» REQUIREMENT
Take the entries below and print only the lines from the one with "Bat_num_se = 97" through the one with "Bat_ori_C1_chg_F = [397.526659684", exactly as they stand, both ends included.

» Records from a data collection
========================
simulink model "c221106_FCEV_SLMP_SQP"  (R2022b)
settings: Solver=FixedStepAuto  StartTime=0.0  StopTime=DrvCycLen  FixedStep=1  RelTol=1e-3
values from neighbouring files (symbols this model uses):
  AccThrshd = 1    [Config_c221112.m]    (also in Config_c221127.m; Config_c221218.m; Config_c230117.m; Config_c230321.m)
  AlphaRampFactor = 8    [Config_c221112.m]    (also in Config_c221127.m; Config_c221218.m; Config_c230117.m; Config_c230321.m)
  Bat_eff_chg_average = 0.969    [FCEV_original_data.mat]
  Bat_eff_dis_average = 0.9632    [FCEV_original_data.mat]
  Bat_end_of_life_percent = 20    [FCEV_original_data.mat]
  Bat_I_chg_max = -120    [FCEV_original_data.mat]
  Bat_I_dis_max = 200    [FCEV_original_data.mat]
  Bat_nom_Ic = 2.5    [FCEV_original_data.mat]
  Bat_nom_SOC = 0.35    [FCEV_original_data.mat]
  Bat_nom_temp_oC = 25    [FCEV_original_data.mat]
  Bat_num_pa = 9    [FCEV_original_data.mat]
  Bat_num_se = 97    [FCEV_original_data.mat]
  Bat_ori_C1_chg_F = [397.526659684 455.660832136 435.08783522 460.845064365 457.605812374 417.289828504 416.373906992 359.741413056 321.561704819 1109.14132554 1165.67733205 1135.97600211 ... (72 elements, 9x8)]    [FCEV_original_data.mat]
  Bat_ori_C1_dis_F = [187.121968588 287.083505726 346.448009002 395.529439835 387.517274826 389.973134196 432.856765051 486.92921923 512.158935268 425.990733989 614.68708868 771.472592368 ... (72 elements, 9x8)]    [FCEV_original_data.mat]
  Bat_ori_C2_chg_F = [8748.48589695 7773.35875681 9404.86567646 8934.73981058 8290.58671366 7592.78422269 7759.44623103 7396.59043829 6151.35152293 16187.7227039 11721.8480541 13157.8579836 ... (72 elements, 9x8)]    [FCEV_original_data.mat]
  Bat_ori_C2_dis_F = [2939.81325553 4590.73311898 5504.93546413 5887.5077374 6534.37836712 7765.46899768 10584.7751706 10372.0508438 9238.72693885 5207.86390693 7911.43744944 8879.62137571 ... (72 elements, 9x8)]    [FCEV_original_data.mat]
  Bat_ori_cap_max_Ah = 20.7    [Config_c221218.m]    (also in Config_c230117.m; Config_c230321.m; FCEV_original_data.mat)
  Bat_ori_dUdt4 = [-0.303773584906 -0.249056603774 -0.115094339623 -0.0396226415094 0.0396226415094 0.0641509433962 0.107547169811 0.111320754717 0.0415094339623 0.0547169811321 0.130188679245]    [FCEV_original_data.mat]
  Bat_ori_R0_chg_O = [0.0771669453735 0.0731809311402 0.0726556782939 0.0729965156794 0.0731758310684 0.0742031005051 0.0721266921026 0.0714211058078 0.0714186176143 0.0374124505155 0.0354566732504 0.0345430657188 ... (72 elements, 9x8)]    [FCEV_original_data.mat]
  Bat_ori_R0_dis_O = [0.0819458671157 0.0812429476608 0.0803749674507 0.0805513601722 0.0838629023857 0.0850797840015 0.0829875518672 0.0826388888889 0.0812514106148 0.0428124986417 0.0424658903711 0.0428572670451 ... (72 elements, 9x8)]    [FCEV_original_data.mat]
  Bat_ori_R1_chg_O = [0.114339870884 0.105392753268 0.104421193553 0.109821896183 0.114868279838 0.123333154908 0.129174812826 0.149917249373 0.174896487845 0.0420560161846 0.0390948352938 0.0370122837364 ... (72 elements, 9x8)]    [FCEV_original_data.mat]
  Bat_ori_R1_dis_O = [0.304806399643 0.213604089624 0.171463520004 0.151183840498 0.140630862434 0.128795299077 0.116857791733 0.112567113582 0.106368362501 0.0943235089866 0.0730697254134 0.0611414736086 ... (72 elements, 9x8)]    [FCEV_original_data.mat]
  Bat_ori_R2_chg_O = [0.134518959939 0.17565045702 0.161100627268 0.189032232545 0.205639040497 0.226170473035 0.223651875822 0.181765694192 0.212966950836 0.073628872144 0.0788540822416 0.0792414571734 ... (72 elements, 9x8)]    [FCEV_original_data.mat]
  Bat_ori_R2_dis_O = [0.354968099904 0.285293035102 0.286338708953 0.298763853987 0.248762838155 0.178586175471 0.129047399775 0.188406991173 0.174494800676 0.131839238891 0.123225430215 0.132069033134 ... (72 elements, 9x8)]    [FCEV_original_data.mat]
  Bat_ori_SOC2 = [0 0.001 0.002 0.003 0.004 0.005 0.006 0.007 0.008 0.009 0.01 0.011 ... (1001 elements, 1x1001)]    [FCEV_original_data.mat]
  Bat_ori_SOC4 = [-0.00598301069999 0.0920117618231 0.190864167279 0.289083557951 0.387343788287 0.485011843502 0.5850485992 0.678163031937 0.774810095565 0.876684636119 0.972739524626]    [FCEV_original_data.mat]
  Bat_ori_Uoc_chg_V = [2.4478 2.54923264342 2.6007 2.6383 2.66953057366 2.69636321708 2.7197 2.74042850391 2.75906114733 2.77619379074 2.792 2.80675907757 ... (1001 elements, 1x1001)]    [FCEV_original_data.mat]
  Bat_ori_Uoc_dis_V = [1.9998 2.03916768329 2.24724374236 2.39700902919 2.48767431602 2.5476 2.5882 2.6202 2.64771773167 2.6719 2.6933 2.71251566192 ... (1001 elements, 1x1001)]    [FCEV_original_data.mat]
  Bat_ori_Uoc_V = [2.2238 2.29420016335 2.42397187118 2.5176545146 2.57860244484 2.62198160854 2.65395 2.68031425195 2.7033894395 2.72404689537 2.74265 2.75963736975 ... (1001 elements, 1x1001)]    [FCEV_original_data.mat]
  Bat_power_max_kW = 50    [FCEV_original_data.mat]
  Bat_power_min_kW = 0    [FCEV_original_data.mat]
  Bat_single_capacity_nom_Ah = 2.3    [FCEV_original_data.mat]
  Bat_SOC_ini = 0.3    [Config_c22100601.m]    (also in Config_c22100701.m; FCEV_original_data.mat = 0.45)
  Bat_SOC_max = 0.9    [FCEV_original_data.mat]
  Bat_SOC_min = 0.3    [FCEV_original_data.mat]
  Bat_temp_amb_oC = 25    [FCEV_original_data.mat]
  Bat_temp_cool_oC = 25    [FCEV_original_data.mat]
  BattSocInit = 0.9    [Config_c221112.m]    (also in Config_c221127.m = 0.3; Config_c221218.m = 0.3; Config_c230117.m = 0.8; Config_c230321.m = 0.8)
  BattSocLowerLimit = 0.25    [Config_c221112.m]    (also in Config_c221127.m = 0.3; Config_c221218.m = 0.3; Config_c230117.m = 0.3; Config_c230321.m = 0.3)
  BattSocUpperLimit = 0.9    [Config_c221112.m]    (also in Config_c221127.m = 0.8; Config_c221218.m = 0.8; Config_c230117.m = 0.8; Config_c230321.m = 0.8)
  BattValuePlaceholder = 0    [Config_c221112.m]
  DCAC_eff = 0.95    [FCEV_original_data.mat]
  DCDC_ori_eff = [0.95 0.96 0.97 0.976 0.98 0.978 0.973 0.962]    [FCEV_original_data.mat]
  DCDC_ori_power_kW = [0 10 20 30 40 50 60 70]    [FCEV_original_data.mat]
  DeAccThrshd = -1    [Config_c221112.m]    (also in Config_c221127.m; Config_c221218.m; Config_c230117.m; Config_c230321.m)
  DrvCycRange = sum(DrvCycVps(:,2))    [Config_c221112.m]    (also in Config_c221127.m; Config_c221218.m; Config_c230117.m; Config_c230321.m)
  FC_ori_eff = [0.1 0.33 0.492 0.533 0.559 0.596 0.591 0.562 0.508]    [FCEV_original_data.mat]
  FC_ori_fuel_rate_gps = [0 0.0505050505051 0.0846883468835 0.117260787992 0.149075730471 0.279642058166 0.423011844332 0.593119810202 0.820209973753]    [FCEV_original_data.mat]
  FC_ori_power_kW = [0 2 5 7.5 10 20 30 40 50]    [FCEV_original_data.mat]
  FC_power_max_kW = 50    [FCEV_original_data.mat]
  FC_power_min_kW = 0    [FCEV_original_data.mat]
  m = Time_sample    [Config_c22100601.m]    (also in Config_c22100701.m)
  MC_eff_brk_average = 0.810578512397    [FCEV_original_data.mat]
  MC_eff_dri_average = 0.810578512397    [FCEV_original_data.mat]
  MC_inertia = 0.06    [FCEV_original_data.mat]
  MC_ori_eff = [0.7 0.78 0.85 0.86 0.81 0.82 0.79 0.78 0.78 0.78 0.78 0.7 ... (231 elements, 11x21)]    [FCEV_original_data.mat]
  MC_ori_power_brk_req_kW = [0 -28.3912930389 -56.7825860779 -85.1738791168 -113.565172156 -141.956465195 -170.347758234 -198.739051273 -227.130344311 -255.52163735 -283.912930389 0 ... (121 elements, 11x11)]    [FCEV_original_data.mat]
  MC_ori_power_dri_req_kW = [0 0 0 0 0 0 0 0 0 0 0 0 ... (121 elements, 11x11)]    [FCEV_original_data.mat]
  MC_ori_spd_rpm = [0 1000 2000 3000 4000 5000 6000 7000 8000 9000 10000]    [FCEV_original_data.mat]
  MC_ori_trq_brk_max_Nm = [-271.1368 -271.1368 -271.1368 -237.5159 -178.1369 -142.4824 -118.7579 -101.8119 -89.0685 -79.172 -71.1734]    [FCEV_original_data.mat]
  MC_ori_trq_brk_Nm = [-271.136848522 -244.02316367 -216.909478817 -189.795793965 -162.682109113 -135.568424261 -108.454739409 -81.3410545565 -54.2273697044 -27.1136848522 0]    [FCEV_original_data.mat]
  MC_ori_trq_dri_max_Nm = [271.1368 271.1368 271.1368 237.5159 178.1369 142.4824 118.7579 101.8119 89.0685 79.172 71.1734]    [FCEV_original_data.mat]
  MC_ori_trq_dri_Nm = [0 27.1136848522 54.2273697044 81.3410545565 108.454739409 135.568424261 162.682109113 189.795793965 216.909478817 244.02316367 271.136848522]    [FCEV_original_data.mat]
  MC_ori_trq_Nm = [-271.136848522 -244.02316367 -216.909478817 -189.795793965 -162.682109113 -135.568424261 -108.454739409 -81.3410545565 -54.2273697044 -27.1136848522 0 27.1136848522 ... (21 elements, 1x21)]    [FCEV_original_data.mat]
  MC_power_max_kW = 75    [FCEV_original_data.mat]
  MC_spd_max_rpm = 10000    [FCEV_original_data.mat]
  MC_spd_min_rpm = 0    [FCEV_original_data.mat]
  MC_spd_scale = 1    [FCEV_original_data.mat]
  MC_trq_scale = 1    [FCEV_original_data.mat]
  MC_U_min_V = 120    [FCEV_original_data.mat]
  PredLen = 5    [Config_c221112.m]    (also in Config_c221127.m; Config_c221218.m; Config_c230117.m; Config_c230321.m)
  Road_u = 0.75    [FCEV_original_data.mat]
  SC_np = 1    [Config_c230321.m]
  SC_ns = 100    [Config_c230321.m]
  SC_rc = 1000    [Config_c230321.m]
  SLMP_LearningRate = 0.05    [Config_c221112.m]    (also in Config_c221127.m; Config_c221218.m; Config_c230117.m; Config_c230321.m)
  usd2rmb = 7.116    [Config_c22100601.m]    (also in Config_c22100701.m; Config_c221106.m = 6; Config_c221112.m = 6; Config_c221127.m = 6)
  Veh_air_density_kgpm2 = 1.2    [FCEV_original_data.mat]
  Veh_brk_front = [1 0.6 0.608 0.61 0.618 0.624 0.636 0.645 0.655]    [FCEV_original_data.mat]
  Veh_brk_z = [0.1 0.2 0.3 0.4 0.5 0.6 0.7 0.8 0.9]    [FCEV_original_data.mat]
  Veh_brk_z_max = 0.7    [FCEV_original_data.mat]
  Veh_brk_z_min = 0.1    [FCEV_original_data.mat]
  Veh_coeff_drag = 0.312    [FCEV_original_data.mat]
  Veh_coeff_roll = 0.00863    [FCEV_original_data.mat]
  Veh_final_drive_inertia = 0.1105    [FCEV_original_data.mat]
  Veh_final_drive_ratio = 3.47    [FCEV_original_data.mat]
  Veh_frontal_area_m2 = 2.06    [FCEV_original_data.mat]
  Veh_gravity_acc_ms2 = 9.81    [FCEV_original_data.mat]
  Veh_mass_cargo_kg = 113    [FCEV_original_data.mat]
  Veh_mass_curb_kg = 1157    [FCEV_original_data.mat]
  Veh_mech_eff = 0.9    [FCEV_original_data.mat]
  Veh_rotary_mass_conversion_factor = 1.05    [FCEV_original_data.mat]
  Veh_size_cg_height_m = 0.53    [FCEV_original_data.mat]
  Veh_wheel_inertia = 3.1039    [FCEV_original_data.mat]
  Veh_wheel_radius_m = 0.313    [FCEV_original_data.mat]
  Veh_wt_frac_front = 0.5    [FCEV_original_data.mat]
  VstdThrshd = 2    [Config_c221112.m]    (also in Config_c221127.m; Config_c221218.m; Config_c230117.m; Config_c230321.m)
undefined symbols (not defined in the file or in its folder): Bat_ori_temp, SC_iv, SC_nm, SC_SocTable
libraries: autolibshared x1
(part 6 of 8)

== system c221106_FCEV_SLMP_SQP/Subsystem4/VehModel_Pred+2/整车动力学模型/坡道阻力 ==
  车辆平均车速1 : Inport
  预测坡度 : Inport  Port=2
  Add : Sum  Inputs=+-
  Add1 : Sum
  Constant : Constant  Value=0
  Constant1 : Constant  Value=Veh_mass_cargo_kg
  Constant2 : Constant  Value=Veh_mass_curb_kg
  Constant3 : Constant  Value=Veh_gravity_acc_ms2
========================
» PROBLEM SOLUTION
  Bat_num_se = 97    [FCEV_original_data.mat]
  Bat_ori_C1_chg_F = [397.526659684 455.660832136 435.08783522 460.845064365 457.605812374 417.289828504 416.373906992 359.741413056 321.561704819 1109.14132554 1165.67733205 1135.97600211 ... (72 elements, 9x8)]    [FCEV_original_data.mat]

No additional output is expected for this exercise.